Sometimes you have to choose – and commit – based on little more than instinct and faith: instinct that somewhere deep inside you, perhaps very very deep, is the ability to be good at this, and faith that thepassion will grow with your ability. When you get good at something, you enjoy it more, which means you do it more, which means you get better at it, which means you enjoy it more, which means you do it more, which means you get better at it….You see where I’m going with this.
When I look at my own life, I see that I became passionate about writing and storytelling when I was fourteen (the novel MISERY, by Stephen King, was a game-changer for me). But I had been writing stories on my own, for no reason other than the attention it got me (see earlier bit about developing childhood survival strategies) since fourth grade. It’s similar with blogging. I have a passion for it now, but it took a lot of doing before I developed it.
I would like to develop a passion for yoga. I am drawn to it. But I’ve been lazy and undisciplined and haven’t managed to develop a daily practice. I find it kind of boring. I could conclude that I lack passion – or I could perceive feeling ‘bored’ as a type of Resistance that I should push through. I know that my body, health and mind would thank me.
It’s no surprise, then, that the top indicator of success isn’t IQ or natural talent or the level of your parents’ income, but grit.
If it’s true that we don’t know who we are until we know what we can do – and I think it is – then learning who we are is about experimenting with our abilities, trying new things, pushing ourselves beyond our comfort zone, living off the edge of our limits. And if you don’t know what you want until you know who you are – and vice versa – then learning who you are/what you want is hard – damn – work – that nobody tells us about or prepares us for. Instead, we look to external things for a sense of identity, whether it’s an expensive lifestyle, or a high-status job, or a relationship. We go after the job or the relationship first, and then try to figure out who we are, when in reality it should be the other way around. Because we could lose the lifestyle, or the job, or the relationship – and no longer know who we are, or what we want, or where to go next.
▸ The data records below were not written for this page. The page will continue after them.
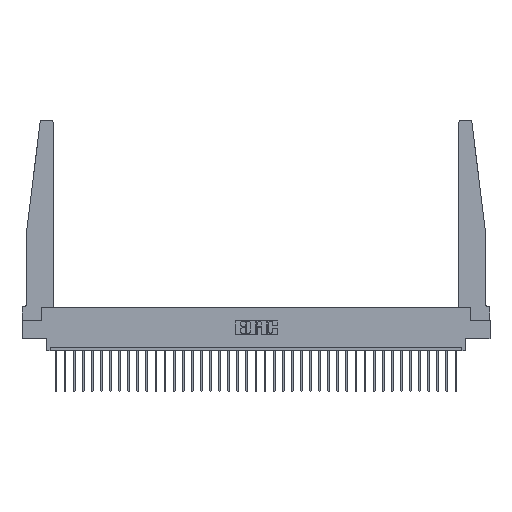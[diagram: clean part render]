
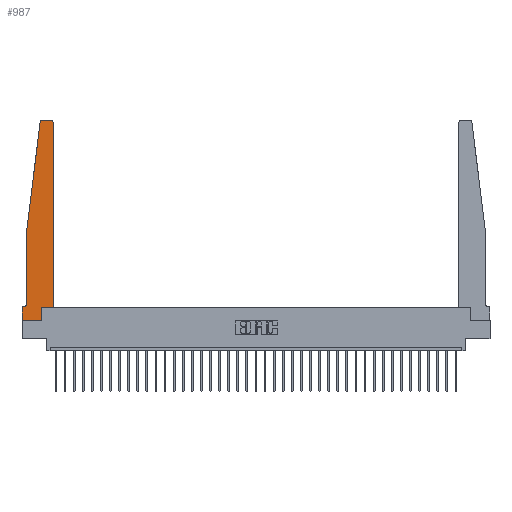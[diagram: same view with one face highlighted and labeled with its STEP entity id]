
A CAD part, top view. The second image highlights one B-rep face of the part: STEP entity #987.
In plain terms, the highlighted planar face has unit normal (0, 0, 1).
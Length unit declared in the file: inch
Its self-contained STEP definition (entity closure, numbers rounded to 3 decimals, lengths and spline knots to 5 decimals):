
#136 = LINE ( 'NONE', #10256, #20693 ) ;
#354 = CARTESIAN_POINT ( 'NONE',  ( 0.065, 1.25, 0.37 ) ) ;
#503 = ORIENTED_EDGE ( 'NONE', *, *, #28427, .T. ) ;
#738 = CARTESIAN_POINT ( 'NONE',  ( 0.27653, 2.75, 0.37 ) ) ;
#837 = CARTESIAN_POINT ( 'NONE',  ( 0., 0., 0.37 ) ) ;
#874 = EDGE_CURVE ( 'NONE', #23549, #18325, #25369, .T. ) ;
#987 = ADVANCED_FACE ( 'NONE', ( #32881 ), #10285, .T. ) ;
#1087 = CARTESIAN_POINT ( 'NONE',  ( 0., 0.1875, 0.37 ) ) ;
#1746 = CARTESIAN_POINT ( 'NONE',  ( 0.015, 0.2375, 0.37 ) ) ;
#2145 = CARTESIAN_POINT ( 'NONE',  ( 0.065, 1.25, 0.37 ) ) ;
#2150 = DIRECTION ( 'NONE',  ( 1., 0., 0. ) ) ;
#2809 = DIRECTION ( 'NONE',  ( 1., 0., 0. ) ) ;
#2934 = DIRECTION ( 'NONE',  ( 0., 1., 0. ) ) ;
#3147 = VERTEX_POINT ( 'NONE', #354 ) ;
#3248 = DIRECTION ( 'NONE',  ( 1., 0., 0. ) ) ;
#4034 = CARTESIAN_POINT ( 'NONE',  ( 0.065, 0.2375, 0.37 ) ) ;
#4301 = VERTEX_POINT ( 'NONE', #1087 ) ;
#4602 = ORIENTED_EDGE ( 'NONE', *, *, #874, .T. ) ;
#4941 = CARTESIAN_POINT ( 'NONE',  ( 0.425, 0.18, 0.37 ) ) ;
#5286 = DIRECTION ( 'NONE',  ( 0., 0., 1. ) ) ;
#5468 = VERTEX_POINT ( 'NONE', #31527 ) ;
#6330 = EDGE_LOOP ( 'NONE', ( #29608, #23173, #503, #9494, #22351, #10316, #22967, #32261, #27560, #23939, #12978, #4602 ) ) ;
#6825 = EDGE_CURVE ( 'NONE', #5468, #7841, #31537, .T. ) ;
#6980 = EDGE_CURVE ( 'NONE', #27226, #23549, #29550, .T. ) ;
#7213 = DIRECTION ( 'NONE',  ( 0., 1., 0. ) ) ;
#7278 = CARTESIAN_POINT ( 'NONE',  ( 0.395, 2.72, 0.37 ) ) ;
#7393 = VECTOR ( 'NONE', #11584, 39.37008 ) ;
#7788 = VECTOR ( 'NONE', #3248, 39.37008 ) ;
#7841 = VERTEX_POINT ( 'NONE', #31618 ) ;
#9494 = ORIENTED_EDGE ( 'NONE', *, *, #24033, .T. ) ;
#9806 = VERTEX_POINT ( 'NONE', #32227 ) ;
#10119 = CARTESIAN_POINT ( 'NONE',  ( 0., 0.1875, 0.37 ) ) ;
#10256 = CARTESIAN_POINT ( 'NONE',  ( 0.065, 0.1875, 0.37 ) ) ;
#10285 = PLANE ( 'NONE',  #32820 ) ;
#10316 = ORIENTED_EDGE ( 'NONE', *, *, #10594, .T. ) ;
#10594 = EDGE_CURVE ( 'NONE', #9806, #4301, #136, .T. ) ;
#11584 = DIRECTION ( 'NONE',  ( 1., 0., 0. ) ) ;
#12080 = CARTESIAN_POINT ( 'NONE',  ( 0.425, 0.18, 0.37 ) ) ;
#12752 = VECTOR ( 'NONE', #18042, 39.37008 ) ;
#12978 = ORIENTED_EDGE ( 'NONE', *, *, #6980, .T. ) ;
#13008 = AXIS2_PLACEMENT_3D ( 'NONE', #1746, #16211, #24026 ) ;
#13886 = CARTESIAN_POINT ( 'NONE',  ( 0., 0., 0.37 ) ) ;
#14733 = DIRECTION ( 'NONE',  ( -1., 0., 0. ) ) ;
#14952 = EDGE_CURVE ( 'NONE', #20793, #26938, #27700, .T. ) ;
#15537 = CARTESIAN_POINT ( 'NONE',  ( 0.27653, 2.72, 0.37 ) ) ;
#15747 = CARTESIAN_POINT ( 'NONE',  ( 0.2605, 0.18, 0.37 ) ) ;
#16211 = DIRECTION ( 'NONE',  ( 0., 0., -1. ) ) ;
#16460 = DIRECTION ( 'NONE',  ( 0., -1., 0. ) ) ;
#17749 = LINE ( 'NONE', #27895, #20814 ) ;
#18042 = DIRECTION ( 'NONE',  ( 0., -1., 0. ) ) ;
#18088 = VECTOR ( 'NONE', #2934, 39.37008 ) ;
#18250 = LINE ( 'NONE', #31830, #18088 ) ;
#18325 = VERTEX_POINT ( 'NONE', #31548 ) ;
#18571 = EDGE_CURVE ( 'NONE', #18325, #20793, #17749, .T. ) ;
#18959 = LINE ( 'NONE', #837, #27598 ) ;
#19825 = VECTOR ( 'NONE', #20283, 39.37008 ) ;
#20032 = AXIS2_PLACEMENT_3D ( 'NONE', #7278, #25275, #2150 ) ;
#20213 = EDGE_CURVE ( 'NONE', #27565, #9806, #22081, .T. ) ;
#20283 = DIRECTION ( 'NONE',  ( -0.122, -0.992, 0. ) ) ;
#20417 = DIRECTION ( 'NONE',  ( -1., 0., 0. ) ) ;
#20690 = LINE ( 'NONE', #30848, #12752 ) ;
#20693 = VECTOR ( 'NONE', #20417, 39.37008 ) ;
#20793 = VERTEX_POINT ( 'NONE', #738 ) ;
#20814 = VECTOR ( 'NONE', #14733, 39.37008 ) ;
#22081 = CIRCLE ( 'NONE', #13008, 0.05 ) ;
#22218 = CARTESIAN_POINT ( 'NONE',  ( 0.425, 0.18, 0.37 ) ) ;
#22351 = ORIENTED_EDGE ( 'NONE', *, *, #20213, .T. ) ;
#22412 = CARTESIAN_POINT ( 'NONE',  ( 0.425, 2.72, 0.37 ) ) ;
#22952 = EDGE_CURVE ( 'NONE', #4301, #5468, #18959, .T. ) ;
#22967 = ORIENTED_EDGE ( 'NONE', *, *, #22952, .T. ) ;
#23173 = ORIENTED_EDGE ( 'NONE', *, *, #14952, .T. ) ;
#23348 = DIRECTION ( 'NONE',  ( 1., 0., 0. ) ) ;
#23449 = EDGE_CURVE ( 'NONE', #25635, #27226, #29414, .T. ) ;
#23549 = VERTEX_POINT ( 'NONE', #22412 ) ;
#23939 = ORIENTED_EDGE ( 'NONE', *, *, #23449, .T. ) ;
#24026 = DIRECTION ( 'NONE',  ( -1., 0., 0. ) ) ;
#24033 = EDGE_CURVE ( 'NONE', #3147, #27565, #20690, .T. ) ;
#24546 = EDGE_CURVE ( 'NONE', #7841, #25635, #18250, .T. ) ;
#25275 = DIRECTION ( 'NONE',  ( 0., 0., 1. ) ) ;
#25369 = CIRCLE ( 'NONE', #20032, 0.03 ) ;
#25635 = VERTEX_POINT ( 'NONE', #15747 ) ;
#26938 = VERTEX_POINT ( 'NONE', #28450 ) ;
#27226 = VERTEX_POINT ( 'NONE', #4941 ) ;
#27560 = ORIENTED_EDGE ( 'NONE', *, *, #24546, .T. ) ;
#27565 = VERTEX_POINT ( 'NONE', #4034 ) ;
#27598 = VECTOR ( 'NONE', #16460, 39.37008 ) ;
#27700 = CIRCLE ( 'NONE', #29289, 0.03 ) ;
#27873 = DIRECTION ( 'NONE',  ( 0., 0., 1. ) ) ;
#27895 = CARTESIAN_POINT ( 'NONE',  ( 0.25, 2.75, 0.37 ) ) ;
#28427 = EDGE_CURVE ( 'NONE', #26938, #3147, #32597, .T. ) ;
#28450 = CARTESIAN_POINT ( 'NONE',  ( 0.24675, 2.72367, 0.37 ) ) ;
#29289 = AXIS2_PLACEMENT_3D ( 'NONE', #15537, #27873, #23348 ) ;
#29414 = LINE ( 'NONE', #12080, #7393 ) ;
#29541 = VECTOR ( 'NONE', #7213, 39.37008 ) ;
#29550 = LINE ( 'NONE', #22218, #29541 ) ;
#29608 = ORIENTED_EDGE ( 'NONE', *, *, #18571, .T. ) ;
#30848 = CARTESIAN_POINT ( 'NONE',  ( 0.065, 1.25, 0.37 ) ) ;
#31527 = CARTESIAN_POINT ( 'NONE',  ( 0., 0., 0.37 ) ) ;
#31537 = LINE ( 'NONE', #13886, #7788 ) ;
#31548 = CARTESIAN_POINT ( 'NONE',  ( 0.395, 2.75, 0.37 ) ) ;
#31618 = CARTESIAN_POINT ( 'NONE',  ( 0.2605, 0., 0.37 ) ) ;
#31830 = CARTESIAN_POINT ( 'NONE',  ( 0.2605, 0.18, 0.37 ) ) ;
#32227 = CARTESIAN_POINT ( 'NONE',  ( 0.015, 0.1875, 0.37 ) ) ;
#32261 = ORIENTED_EDGE ( 'NONE', *, *, #6825, .T. ) ;
#32597 = LINE ( 'NONE', #2145, #19825 ) ;
#32820 = AXIS2_PLACEMENT_3D ( 'NONE', #10119, #5286, #2809 ) ;
#32881 = FACE_OUTER_BOUND ( 'NONE', #6330, .T. ) ;

We’re in crisis.
When my boyfriend asked me that question – What do you want to do with your life? – I could come up with an answer. I’m still figuring it out, of course, but identity is not a static thing. The brain keeps reshaping itself according to the experiences you provide it. We contain the potential for multitudes. Still, I do believe in a core voice, a set of abilities and instincts, an inner knowing that will guide you this way instead of that way so long as you have the patience and courage to listen.
What I didn’t tell my boyfriend – at the time – was by that point I had been through several years of therapy, of emotional pain and personal crisis. I could sink or swim. I could find the beauty in the breakdown – and break through — or I could just break down. For me, the beauty was in reconnecting to that core voice. My sense of self could bloom from there. Everything else can follow.
Because what we want, in the end, is to know who we are and what our purpose is (and, maybe, who to love). If we can break ourselves open to new information, if we can look for that information not just within ourselves but in the spaces and interactions between ourselves and others, if we can find who we are in what we do, not just for ourselves, but for the world: that seems a worthy quest in itself.